→ ACTIVITY
Omit the pictures, then reproduce every remaining record exactly.

→ RECORDS FOR THE EXERCISE
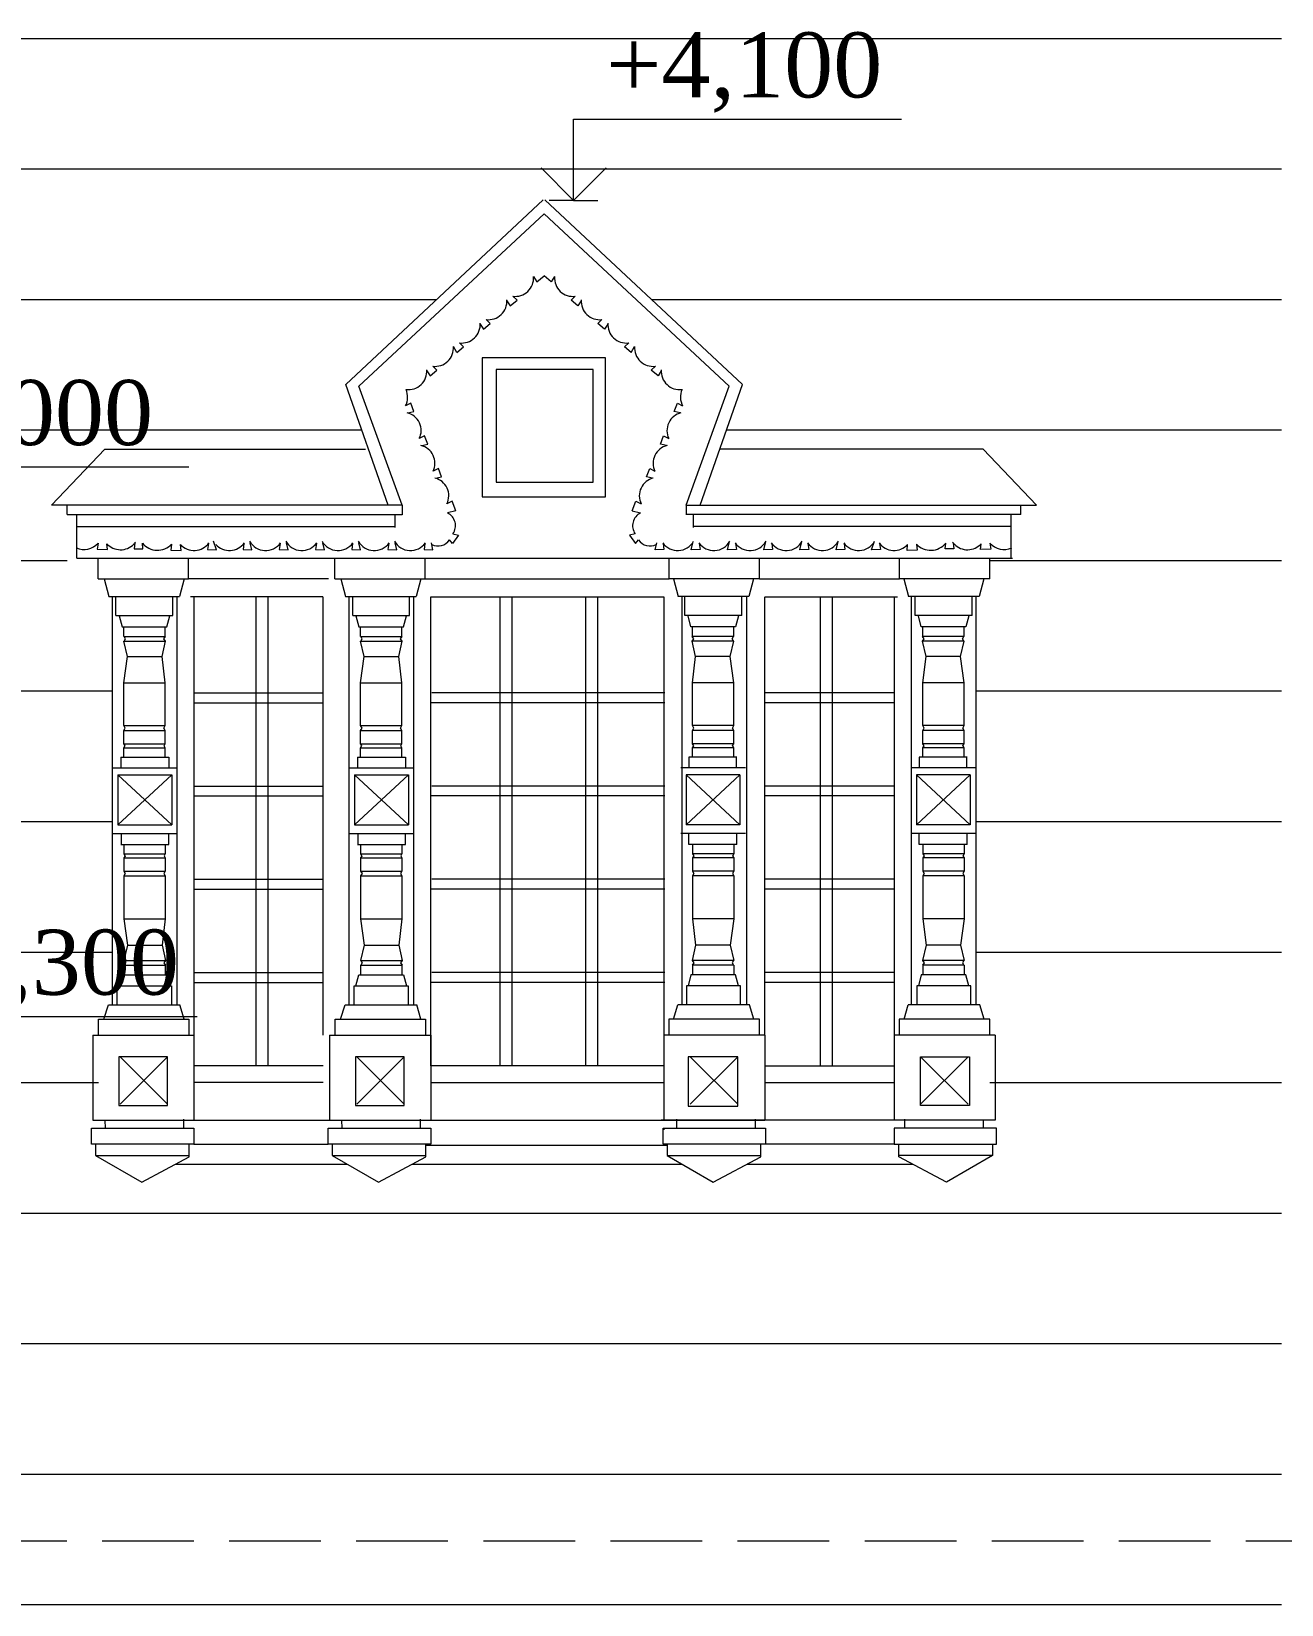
# Model space of a CAD drawing. Header units: millimetres. Extents: x 2399 to 111977, y 1313 to 59551.
# Drawn here: x 94367 to 98215, y 31549 to 36393 of the extents above; entities that cross this region are included whole.
import ezdxf

# ---------------------------------------------------------------- set-up
doc = ezdxf.new("R2010")
doc.units = ezdxf.units.MM
doc.linetypes.add('Невидимая', pattern=[391.222223, 282.222223, -109])
doc.layers.add('dim Level', color=7, linetype='Continuous', lineweight=13)
doc.layers.add('main line', color=7, linetype='Continuous', lineweight=13)
doc.layers.add('hatch1', color=7, linetype='Continuous', lineweight=20, true_color=0x6a6a6a)
doc.styles.add('СГЕНЕРИР_СТИЛЬ_1', font='georgia.ttf')

msp = doc.modelspace()

# ---------------------------------------------------------------- linework, layer by layer
at = {"layer": 'dim Level', "color": 7, "linetype": 'Continuous', "lineweight": 13}
for p, q in [((96035.9725, 35873.1249), (96035.9725, 36123.1249)), ((96035.9725, 36123.1249), (97045.5485, 36123.1249)), ((96035.9725, 35873.1249), (95935.9725, 35973.1249)), ((96135.9725, 35973.1249), (96035.9725, 35873.1249)), ((96035.9725, 35873.1249), (95960.9725, 35873.1249)), ((96035.9725, 35873.1249), (96110.9725, 35873.1249)), ((93791.5169, 35052.6664), (94851.519, 35052.6664)), ((93871.3331, 33360.3535), (94877.0311, 33360.3535))]:
    msp.add_line(p, q, dxfattribs=at)
at = {"layer": 'hatch1', "color": 251, "linetype": 'Continuous', "lineweight": 20, "true_color": 0x6a6a6a}
for p, q in [((95058.0566, 34652.7908), (95058.0566, 33207.9275)), ((95094.9022, 34652.7908), (95094.9022, 33207.9275)), ((95808.6474, 34652.7908), (95808.6474, 33207.9275)), ((95845.493, 34652.7908), (95845.493, 33207.9275)), ((96072.2219, 34652.7908), (96072.2219, 33207.9275)), ((96109.0675, 34652.7908), (96109.0675, 33207.9275)), ((96794.9269, 34652.7908), (96794.9269, 33207.9275)), ((96831.7726, 34652.7908), (96831.7726, 33207.9275)), ((94867.4351, 34356.6717), (95264.9082, 34356.6717)), ((96316.7023, 34356.6717), (95599.1979, 34356.6717)), ((97022.394, 34356.6717), (96624.9209, 34356.6717)), ((94867.4351, 34326.3163), (95264.9082, 34326.3163)), ((96316.7023, 34326.3163), (95596.9639, 34326.3163)), ((97022.394, 34326.3163), (96624.9209, 34326.3163)), ((94867.4351, 34069.5963), (95264.9082, 34069.5963)), ((96316.7023, 34069.5963), (95599.1979, 34069.5963)), ((97022.394, 34069.5963), (96624.9209, 34069.5963)), ((94867.4351, 34039.2408), (95264.9082, 34039.2408)), ((96316.7023, 34039.2408), (95596.9639, 34039.2408)), ((97022.394, 34039.2408), (96624.9209, 34039.2408)), ((94867.4351, 33782.5208), (95264.9082, 33782.5208)), ((96316.7023, 33782.5208), (95599.1979, 33782.5208)), ((97022.394, 33782.5208), (96624.9209, 33782.5208)), ((94867.4351, 33752.1654), (95264.9082, 33752.1654)), ((96316.7023, 33752.1654), (95596.9639, 33752.1654)), ((97022.394, 33752.1654), (96624.9209, 33752.1654)), ((94867.4351, 33495.4454), (95264.9082, 33495.4454)), ((96316.7023, 33495.4454), (95599.1979, 33495.4454)), ((97022.394, 33495.4454), (96624.9209, 33495.4454)), ((94867.4351, 33465.0899), (95264.9082, 33465.0899)), ((96316.7023, 33465.0899), (95596.9639, 33465.0899)), ((97022.394, 33465.0899), (96624.9209, 33465.0899))]:
    msp.add_line(p, q, dxfattribs=at)
at = {"layer": 'main line', "color": 7, "linetype": 'Continuous', "lineweight": 13}
for p, q in [((93664.9716, 36371.6731), (98214.9716, 36371.6731)), ((93664.9716, 35969.8175), (98214.9716, 35969.8175)), ((95334.5149, 35305.8879), (95942.1826, 35874.6615)), ((96555.3142, 35305.8879), (95947.6466, 35874.6615)), ((95374.6475, 35301.3198), (95944.9146, 35831.313)), ((96515.1816, 35301.3198), (95944.9146, 35831.313)), ((95912.5866, 35638.4972), (95922.6018, 35622.4447)), ((95922.6018, 35622.4447), (95944.9146, 35640.7131)), ((95967.2274, 35622.4447), (95944.9146, 35640.7131)), ((95977.2426, 35638.4972), (95967.2274, 35622.4447)), ((93664.9716, 35567.962), (95614.5102, 35567.962)), ((95830.5634, 35564.1269), (95840.5786, 35548.0743)), ((95840.5786, 35548.0743), (95861.7041, 35565.3707)), ((95861.7041, 35565.3707), (95848.6833, 35577.9728)), ((96028.125, 35565.3707), (96041.1458, 35577.9728)), ((96049.2505, 35548.0743), (96028.125, 35565.3707)), ((96059.2658, 35564.1269), (96049.2505, 35548.0743)), ((96275.3189, 35567.962), (98214.9716, 35567.962)), ((95779.542, 35493.5622), (95766.5212, 35506.1643)), ((96110.2871, 35493.5622), (96123.3079, 35506.1643)), ((95748.4013, 35492.3184), (95758.4166, 35476.2659)), ((95758.4166, 35476.2659), (95779.542, 35493.5622)), ((96131.4126, 35476.2659), (96110.2871, 35493.5622)), ((96141.4278, 35492.3184), (96131.4126, 35476.2659)), ((95676.2545, 35404.4574), (95666.1004, 35423.0717)), ((95676.2545, 35404.4574), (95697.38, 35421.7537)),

→ ANSWER FOR THIS EXERCISE
# Model space of a CAD drawing. Header units: millimetres. Extents: x 2399 to 111977, y 1313 to 59551.
# Drawn here: x 94367 to 98215, y 31549 to 36393 of the extents above; entities that cross this region are included whole.
import ezdxf

# ---------------------------------------------------------------- set-up
doc = ezdxf.new("R2010")
doc.units = ezdxf.units.MM
doc.linetypes.add('Невидимая', pattern=[391.222223, 282.222223, -109])
doc.layers.add('dim Level', color=7, linetype='Continuous', lineweight=13)
doc.layers.add('main line', color=7, linetype='Continuous', lineweight=13)
doc.layers.add('hatch1', color=7, linetype='Continuous', lineweight=20, true_color=0x6a6a6a)
doc.styles.add('СГЕНЕРИР_СТИЛЬ_1', font='georgia.ttf')

msp = doc.modelspace()

# ---------------------------------------------------------------- linework, layer by layer
at = {"layer": 'dim Level', "color": 7, "linetype": 'Continuous', "lineweight": 13}
for p, q in [((96035.9725, 35873.1249), (96035.9725, 36123.1249)), ((96035.9725, 36123.1249), (97045.5485, 36123.1249)), ((96035.9725, 35873.1249), (95935.9725, 35973.1249)), ((96135.9725, 35973.1249), (96035.9725, 35873.1249)), ((96035.9725, 35873.1249), (95960.9725, 35873.1249)), ((96035.9725, 35873.1249), (96110.9725, 35873.1249)), ((93791.5169, 35052.6664), (94851.519, 35052.6664)), ((93871.3331, 33360.3535), (94877.0311, 33360.3535))]:
    msp.add_line(p, q, dxfattribs=at)
at = {"layer": 'hatch1', "color": 251, "linetype": 'Continuous', "lineweight": 20, "true_color": 0x6a6a6a}
for p, q in [((95058.0566, 34652.7908), (95058.0566, 33207.9275)), ((95094.9022, 34652.7908), (95094.9022, 33207.9275)), ((95808.6474, 34652.7908), (95808.6474, 33207.9275)), ((95845.493, 34652.7908), (95845.493, 33207.9275)), ((96072.2219, 34652.7908), (96072.2219, 33207.9275)), ((96109.0675, 34652.7908), (96109.0675, 33207.9275)), ((96794.9269, 34652.7908), (96794.9269, 33207.9275)), ((96831.7726, 34652.7908), (96831.7726, 33207.9275)), ((94867.4351, 34356.6717), (95264.9082, 34356.6717)), ((96316.7023, 34356.6717), (95599.1979, 34356.6717)), ((97022.394, 34356.6717), (96624.9209, 34356.6717)), ((94867.4351, 34326.3163), (95264.9082, 34326.3163)), ((96316.7023, 34326.3163), (95596.9639, 34326.3163)), ((97022.394, 34326.3163), (96624.9209, 34326.3163)), ((94867.4351, 34069.5963), (95264.9082, 34069.5963)), ((96316.7023, 34069.5963), (95599.1979, 34069.5963)), ((97022.394, 34069.5963), (96624.9209, 34069.5963)), ((94867.4351, 34039.2408), (95264.9082, 34039.2408)), ((96316.7023, 34039.2408), (95596.9639, 34039.2408)), ((97022.394, 34039.2408), (96624.9209, 34039.2408)), ((94867.4351, 33782.5208), (95264.9082, 33782.5208)), ((96316.7023, 33782.5208), (95599.1979, 33782.5208)), ((97022.394, 33782.5208), (96624.9209, 33782.5208)), ((94867.4351, 33752.1654), (95264.9082, 33752.1654)), ((96316.7023, 33752.1654), (95596.9639, 33752.1654)), ((97022.394, 33752.1654), (96624.9209, 33752.1654)), ((94867.4351, 33495.4454), (95264.9082, 33495.4454)), ((96316.7023, 33495.4454), (95599.1979, 33495.4454)), ((97022.394, 33495.4454), (96624.9209, 33495.4454)), ((94867.4351, 33465.0899), (95264.9082, 33465.0899)), ((96316.7023, 33465.0899), (95596.9639, 33465.0899)), ((97022.394, 33465.0899), (96624.9209, 33465.0899))]:
    msp.add_line(p, q, dxfattribs=at)
at = {"layer": 'main line', "color": 7, "linetype": 'Continuous', "lineweight": 13}
for p, q in [((93664.9716, 36371.6731), (98214.9716, 36371.6731)), ((93664.9716, 35969.8175), (98214.9716, 35969.8175)), ((95334.5149, 35305.8879), (95942.1826, 35874.6615)), ((96555.3142, 35305.8879), (95947.6466, 35874.6615)), ((95374.6475, 35301.3198), (95944.9146, 35831.313)), ((96515.1816, 35301.3198), (95944.9146, 35831.313)), ((95912.5866, 35638.4972), (95922.6018, 35622.4447)), ((95922.6018, 35622.4447), (95944.9146, 35640.7131)), ((95967.2274, 35622.4447), (95944.9146, 35640.7131)), ((95977.2426, 35638.4972), (95967.2274, 35622.4447)), ((93664.9716, 35567.962), (95614.5102, 35567.962)), ((95830.5634, 35564.1269), (95840.5786, 35548.0743)), ((95840.5786, 35548.0743), (95861.7041, 35565.3707)), ((95861.7041, 35565.3707), (95848.6833, 35577.9728)), ((96028.125, 35565.3707), (96041.1458, 35577.9728)), ((96049.2505, 35548.0743), (96028.125, 35565.3707)), ((96059.2658, 35564.1269), (96049.2505, 35548.0743)), ((96275.3189, 35567.962), (98214.9716, 35567.962)), ((95779.542, 35493.5622), (95766.5212, 35506.1643)), ((96110.2871, 35493.5622), (96123.3079, 35506.1643)), ((95748.4013, 35492.3184), (95758.4166, 35476.2659)), ((95758.4166, 35476.2659), (95779.542, 35493.5622)), ((96131.4126, 35476.2659), (96110.2871, 35493.5622)), ((96141.4278, 35492.3184), (96131.4126, 35476.2659)), ((95676.2545, 35404.4574), (95666.1004, 35423.0717)), ((95676.2545, 35404.4574), (95697.38, 35421.7537)),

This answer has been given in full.